(Problem details) The lines to output run from the first line of the entries below through the line containing "#23=PLANE('',#22);"; copy them exactly and leave out pictures.
**** Material for this task
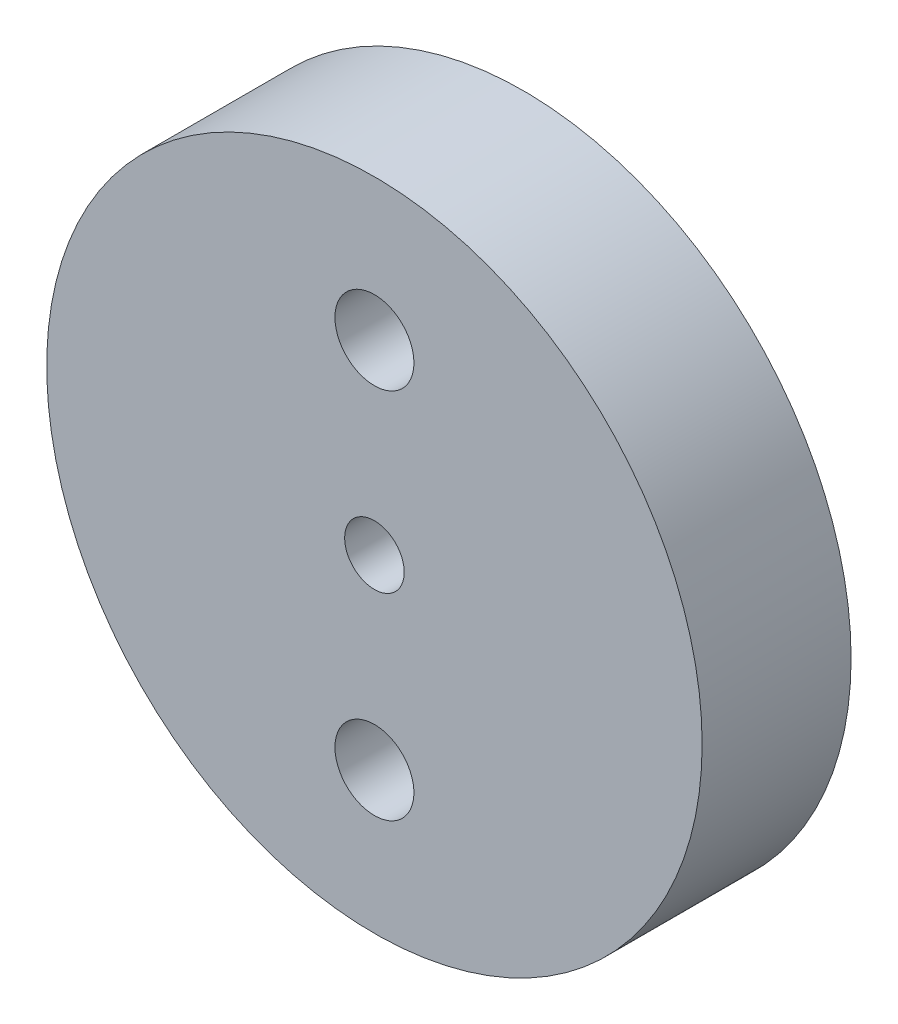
ISO-10303-21;
HEADER;
FILE_DESCRIPTION(('STEP AP214'),'2;1');
FILE_NAME('part.step','',(''),(''),'','','');
FILE_SCHEMA(('AUTOMOTIVE_DESIGN { 1 0 10303 214 1 1 1 1 }'));
ENDSEC;
DATA;
#1=APPLICATION_CONTEXT('core data for automotive mechanical design processes');
#2=APPLICATION_PROTOCOL_DEFINITION('international standard','automotive_design',2000,#1);
#3=PRODUCT_CONTEXT('',#1,'mechanical');
#4=PRODUCT('Part','Part','',(#3));
#5=PRODUCT_RELATED_PRODUCT_CATEGORY('part','',(#4));
#6=PRODUCT_DEFINITION_FORMATION('','',#4);
#7=PRODUCT_DEFINITION_CONTEXT('part definition',#1,'design');
#8=PRODUCT_DEFINITION('design','',#6,#7);
#9=PRODUCT_DEFINITION_SHAPE('','',#8);
#10=(LENGTH_UNIT() NAMED_UNIT(*) SI_UNIT(.MILLI.,.METRE.));
#11=(NAMED_UNIT(*) PLANE_ANGLE_UNIT() SI_UNIT($,.RADIAN.));
#12=(NAMED_UNIT(*) SI_UNIT($,.STERADIAN.) SOLID_ANGLE_UNIT());
#13=UNCERTAINTY_MEASURE_WITH_UNIT(LENGTH_MEASURE(1.E-05),#10,'distance_accuracy_value','');
#14=(GEOMETRIC_REPRESENTATION_CONTEXT(3) GLOBAL_UNCERTAINTY_ASSIGNED_CONTEXT((#13)) GLOBAL_UNIT_ASSIGNED_CONTEXT((#10,
#11,#12)) REPRESENTATION_CONTEXT('',''));
#15=CARTESIAN_POINT('',(0.,0.,0.));
#16=DIRECTION('',(0.,0.,1.));
#17=DIRECTION('',(1.,0.,0.));
#18=AXIS2_PLACEMENT_3D('',#15,#16,#17);
#19=CARTESIAN_POINT('',(0.,0.,0.));
#20=DIRECTION('',(0.,0.,1.));
#21=DIRECTION('',(1.,0.,0.));
#22=AXIS2_PLACEMENT_3D('',#19,#20,#21);
#23=PLANE('',#22);
#24=CARTESIAN_POINT('',(-17.5541191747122,7.27000000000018,0.));
#25=DIRECTION('',(0.,0.,-1.));
#26=DIRECTION('',(-1.,0.,0.));
#27=AXIS2_PLACEMENT_3D('',#24,#25,#26);
#28=CIRCLE('',#27,1.24999999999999);
#29=CARTESIAN_POINT('',(-18.8041191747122,7.27000000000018,0.));
#30=VERTEX_POINT('',#29);
#31=EDGE_CURVE('E77',#30,#30,#28,.T.);
#32=ORIENTED_EDGE('',*,*,#31,.F.);
#33=EDGE_LOOP('',(#32));
#34=FACE_BOUND('',#33,.T.);
#35=CARTESIAN_POINT('',(-17.5533030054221,-7.27197040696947,0.));
#36=DIRECTION('',(0.,0.,-1.));
#37=DIRECTION('',(-1.,0.,0.));
#38=AXIS2_PLACEMENT_3D('',#35,#36,#37);
#39=CIRCLE('',#38,1.24999999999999);
#40=CARTESIAN_POINT('',(-18.8033030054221,-7.27197040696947,0.));
#41=VERTEX_POINT('',#40);
#42=EDGE_CURVE('E88',#41,#41,#39,.T.);
#43=ORIENTED_EDGE('',*,*,#42,.F.);
#44=EDGE_LOOP('',(#43));
#45=FACE_BOUND('',#44,.T.);
#46=CARTESIAN_POINT('',(-7.27,-17.5541191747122,0.));
#47=DIRECTION('',(0.,0.,-1.));
#48=DIRECTION('',(-1.,0.,0.));
#49=AXIS2_PLACEMENT_3D('',#46,#47,#48);
#50=CIRCLE('',#49,1.24999999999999);
#51=CARTESIAN_POINT('',(-8.51999999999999,-17.5541191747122,0.));
#52=VERTEX_POINT('',#51);
#53=EDGE_CURVE('E94',#52,#52,#50,.T.);
#54=ORIENTED_EDGE('',*,*,#53,.F.);
#55=EDGE_LOOP('',(#54));
#56=FACE_BOUND('',#55,.T.);
#57=CARTESIAN_POINT('',(7.27197040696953,-17.5533030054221,0.));
#58=DIRECTION('',(0.,0.,-1.));
#59=DIRECTION('',(-1.,0.,0.));
#60=AXIS2_PLACEMENT_3D('',#57,#58,#59);
#61=CIRCLE('',#60,1.24999999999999);
#62=CARTESIAN_POINT('',(6.02197040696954,-17.5533030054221,0.));
#63=VERTEX_POINT('',#62);
#64=EDGE_CURVE('E100',#63,#63,#61,.T.);
#65=ORIENTED_EDGE('',*,*,#64,.F.);
#66=EDGE_LOOP('',(#65));
#67=FACE_BOUND('',#66,.T.);
#68=CARTESIAN_POINT('',(17.5541191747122,-7.27000000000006,0.));
#69=DIRECTION('',(0.,0.,-1.));
#70=DIRECTION('',(-1.,0.,0.));
#71=AXIS2_PLACEMENT_3D('',#68,#69,#70);
#72=CIRCLE('',#71,1.24999999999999);
#73=CARTESIAN_POINT('',(16.3041191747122,-7.27000000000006,0.));
#74=VERTEX_POINT('',#73);
#75=EDGE_CURVE('E106',#74,#74,#72,.T.);
#76=ORIENTED_EDGE('',*,*,#75,.F.);
#77=EDGE_LOOP('',(#76));
#78=FACE_BOUND('',#77,.T.);
#79=CARTESIAN_POINT('',(17.553303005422,7.2719704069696,0.));
#80=DIRECTION('',(0.,0.,-1.));
#81=DIRECTION('',(-1.,0.,0.));
#82=AXIS2_PLACEMENT_3D('',#79,#80,#81);
#83=CIRCLE('',#82,1.24999999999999);
#84=CARTESIAN_POINT('',(16.303303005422,7.2719704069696,0.));
#85=VERTEX_POINT('',#84);
#86=EDGE_CURVE('E112',#85,#85,#83,.T.);
#87=ORIENTED_EDGE('',*,*,#86,.F.);
#88=EDGE_LOOP('',(#87));
#89=FACE_BOUND('',#88,.T.);
#90=CARTESIAN_POINT('',(7.27,17.5541191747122,0.));
#91=DIRECTION('',(0.,0.,-1.));
#92=DIRECTION('',(-1.,0.,0.));
#93=AXIS2_PLACEMENT_3D('',#90,#91,#92);
#94=CIRCLE('',#93,1.24999999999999);
#95=CARTESIAN_POINT('',(6.02000000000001,17.5541191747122,0.));
#96=VERTEX_POINT('',#95);
#97=EDGE_CURVE('E118',#96,#96,#94,.T.);
#98=ORIENTED_EDGE('',*,*,#97,.F.);
#99=EDGE_LOOP('',(#98));
#100=FACE_BOUND('',#99,.T.);
#101=CARTESIAN_POINT('',(0.,-12.495,0.));
#102=DIRECTION('',(0.,0.,-1.));
#103=DIRECTION('',(-1.,0.,0.));
#104=AXIS2_PLACEMENT_3D('',#101,#102,#103);
#105=CIRCLE('',#104,5.);
#106=CARTESIAN_POINT('',(-5.,-12.495,0.));
#107=VERTEX_POINT('',#106);
#108=EDGE_CURVE('E124',#107,#107,#105,.T.);
#109=ORIENTED_EDGE('',*,*,#108,.F.);
#110=EDGE_LOOP('',(#109));
#111=FACE_BOUND('',#110,.T.);
#112=CARTESIAN_POINT('',(0.,12.495,0.));
#113=DIRECTION('',(0.,0.,-1.));
#114=DIRECTION('',(-1.,0.,0.));
#115=AXIS2_PLACEMENT_3D('',#112,#113,#114);
#116=CIRCLE('',#115,5.);
#117=CARTESIAN_POINT('',(-5.,12.495,0.));
#118=VERTEX_POINT('',#117);
#119=EDGE_CURVE('E136',#118,#118,#116,.T.);
#120=ORIENTED_EDGE('',*,*,#119,.F.);
#121=EDGE_LOOP('',(#120));
#122=FACE_BOUND('',#121,.T.);
#123=CARTESIAN_POINT('',(0.,0.,0.));
#124=DIRECTION('',(0.,0.,-1.));
#125=DIRECTION('',(-1.,0.,0.));
#126=AXIS2_PLACEMENT_3D('',#123,#124,#125);
#127=CIRCLE('',#126,2.);
#128=CARTESIAN_POINT('',(-2.,0.,0.));
#129=VERTEX_POINT('',#128);
#130=EDGE_CURVE('E148',#129,#129,#127,.T.);
#131=ORIENTED_EDGE('',*,*,#130,.F.);
#132=EDGE_LOOP('',(#131));
#133=FACE_BOUND('',#132,.T.);
#134=CARTESIAN_POINT('',(0.,0.,0.));
#135=DIRECTION('',(0.,0.,1.));
#136=DIRECTION('',(1.,0.,0.));
#137=AXIS2_PLACEMENT_3D('',#134,#135,#136);
#138=CIRCLE('',#137,22.);
#139=CARTESIAN_POINT('',(22.,0.,0.));
#140=VERTEX_POINT('',#139);
#141=EDGE_CURVE('E38',#140,#140,#138,.T.);
#142=ORIENTED_EDGE('',*,*,#141,.F.);
#143=EDGE_LOOP('',(#142));
#144=FACE_BOUND('',#143,.T.);
#145=CARTESIAN_POINT('',(-7.27197040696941,17.5533030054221,0.));
#146=DIRECTION('',(0.,0.,-1.));
#147=DIRECTION('',(-1.,0.,0.));
#148=AXIS2_PLACEMENT_3D('',#145,#146,#147);
#149=CIRCLE('',#148,1.24999999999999);
#150=CARTESIAN_POINT('',(-8.5219704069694,17.5533030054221,0.));
#151=VERTEX_POINT('',#150);
#152=EDGE_CURVE('E78',#151,#151,#149,.T.);
#153=ORIENTED_EDGE('',*,*,#152,.F.);
#154=EDGE_LOOP('',(#153));
#155=FACE_BOUND('',#154,.T.);
#156=ADVANCED_FACE('F34',(#34,#45,#56,#67,#78,#89,#100,#111,#122,#133,#144,#155),#23,.F.);
#157=CARTESIAN_POINT('',(0.,0.,10.));
#158=DIRECTION('',(0.,0.,-1.));
#159=DIRECTION('',(-1.,0.,0.));
#160=AXIS2_PLACEMENT_3D('',#157,#158,#159);
#161=CYLINDRICAL_SURFACE('',#160,22.);
#162=CARTESIAN_POINT('',(0.,0.,10.));
#163=DIRECTION('',(0.,0.,1.));
#164=DIRECTION('',(1.,0.,0.));
#165=AXIS2_PLACEMENT_3D('',#162,#163,#164);
#166=CIRCLE('',#165,22.);
#167=CARTESIAN_POINT('',(22.,0.,10.));
#168=VERTEX_POINT('',#167);
#169=EDGE_CURVE('E11',#168,#168,#166,.T.);
#170=ORIENTED_EDGE('',*,*,#169,.F.);
#171=EDGE_LOOP('',(#170));
#172=FACE_BOUND('',#171,.T.);
#173=ORIENTED_EDGE('',*,*,#141,.T.);
#174=EDGE_LOOP('',(#173));
#175=FACE_BOUND('',#174,.T.);
#176=ADVANCED_FACE('F36',(#172,#175),#161,.T.);
#177=CARTESIAN_POINT('',(0.,0.,10.));
#178=DIRECTION('',(0.,0.,1.));
#179=DIRECTION('',(1.,0.,0.));
#180=AXIS2_PLACEMENT_3D('',#177,#178,#179);
#181=PLANE('',#180);
#182=CARTESIAN_POINT('',(0.,-12.495,10.));
#183=DIRECTION('',(0.,0.,-1.));
#184=DIRECTION('',(-1.,0.,0.));
#185=AXIS2_PLACEMENT_3D('',#182,#183,#184);
#186=CIRCLE('',#185,2.65);
#187=CARTESIAN_POINT('',(-2.65,-12.495,10.));
#188=VERTEX_POINT('',#187);
#189=EDGE_CURVE('E133',#188,#188,#186,.T.);
#190=ORIENTED_EDGE('',*,*,#189,.T.);
#191=EDGE_LOOP('',(#190));
#192=FACE_BOUND('',#191,.T.);
#193=CARTESIAN_POINT('',(0.,12.495,10.));
#194=DIRECTION('',(0.,0.,-1.));
#195=DIRECTION('',(-1.,0.,0.));
#196=AXIS2_PLACEMENT_3D('',#193,#194,#195);
#197=CIRCLE('',#196,2.65);
#198=CARTESIAN_POINT('',(-2.65,12.495,10.));
#199=VERTEX_POINT('',#198);
#200=EDGE_CURVE('E145',#199,#199,#197,.T.);
#201=ORIENTED_EDGE('',*,*,#200,.T.);
#202=EDGE_LOOP('',(#201));
#203=FACE_BOUND('',#202,.T.);
#204=CARTESIAN_POINT('',(0.,0.,10.));
#205=DIRECTION('',(0.,0.,-1.));
#206=DIRECTION('',(-1.,0.,0.));
#207=AXIS2_PLACEMENT_3D('',#204,#205,#206);
#208=CIRCLE('',#207,2.);
#209=CARTESIAN_POINT('',(-2.,0.,10.));
#210=VERTEX_POINT('',#209);
#211=EDGE_CURVE('E149',#210,#210,#208,.T.);
#212=ORIENTED_EDGE('',*,*,#211,.T.);
#213=EDGE_LOOP('',(#212));
#214=FACE_BOUND('',#213,.T.);
#215=ORIENTED_EDGE('',*,*,#169,.T.);
#216=EDGE_LOOP('',(#215));
#217=FACE_BOUND('',#216,.T.);
#218=ADVANCED_FACE('F249',(#192,#203,#214,#217),#181,.T.);
#219=CARTESIAN_POINT('',(0.,0.,10.));
#220=DIRECTION('',(0.,0.,-1.));
#221=DIRECTION('',(-1.,0.,0.));
#222=AXIS2_PLACEMENT_3D('',#219,#220,#221);
#223=CYLINDRICAL_SURFACE('',#222,2.);
#224=ORIENTED_EDGE('',*,*,#211,.F.);
#225=EDGE_LOOP('',(#224));
#226=FACE_BOUND('',#225,.T.);
#227=ORIENTED_EDGE('',*,*,#130,.T.);
#228=EDGE_LOOP('',(#227));
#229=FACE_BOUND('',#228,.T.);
********
(Task result)
ISO-10303-21;
HEADER;
FILE_DESCRIPTION(('STEP AP214'),'2;1');
FILE_NAME('part.step','',(''),(''),'','','');
FILE_SCHEMA(('AUTOMOTIVE_DESIGN { 1 0 10303 214 1 1 1 1 }'));
ENDSEC;
DATA;
#1=APPLICATION_CONTEXT('core data for automotive mechanical design processes');
#2=APPLICATION_PROTOCOL_DEFINITION('international standard','automotive_design',2000,#1);
#3=PRODUCT_CONTEXT('',#1,'mechanical');
#4=PRODUCT('Part','Part','',(#3));
#5=PRODUCT_RELATED_PRODUCT_CATEGORY('part','',(#4));
#6=PRODUCT_DEFINITION_FORMATION('','',#4);
#7=PRODUCT_DEFINITION_CONTEXT('part definition',#1,'design');
#8=PRODUCT_DEFINITION('design','',#6,#7);
#9=PRODUCT_DEFINITION_SHAPE('','',#8);
#10=(LENGTH_UNIT() NAMED_UNIT(*) SI_UNIT(.MILLI.,.METRE.));
#11=(NAMED_UNIT(*) PLANE_ANGLE_UNIT() SI_UNIT($,.RADIAN.));
#12=(NAMED_UNIT(*) SI_UNIT($,.STERADIAN.) SOLID_ANGLE_UNIT());
#13=UNCERTAINTY_MEASURE_WITH_UNIT(LENGTH_MEASURE(1.E-05),#10,'distance_accuracy_value','');
#14=(GEOMETRIC_REPRESENTATION_CONTEXT(3) GLOBAL_UNCERTAINTY_ASSIGNED_CONTEXT((#13)) GLOBAL_UNIT_ASSIGNED_CONTEXT((#10,
#11,#12)) REPRESENTATION_CONTEXT('',''));
#15=CARTESIAN_POINT('',(0.,0.,0.));
#16=DIRECTION('',(0.,0.,1.));
#17=DIRECTION('',(1.,0.,0.));
#18=AXIS2_PLACEMENT_3D('',#15,#16,#17);
#19=CARTESIAN_POINT('',(0.,0.,0.));
#20=DIRECTION('',(0.,0.,1.));
#21=DIRECTION('',(1.,0.,0.));
#22=AXIS2_PLACEMENT_3D('',#19,#20,#21);
#23=PLANE('',#22);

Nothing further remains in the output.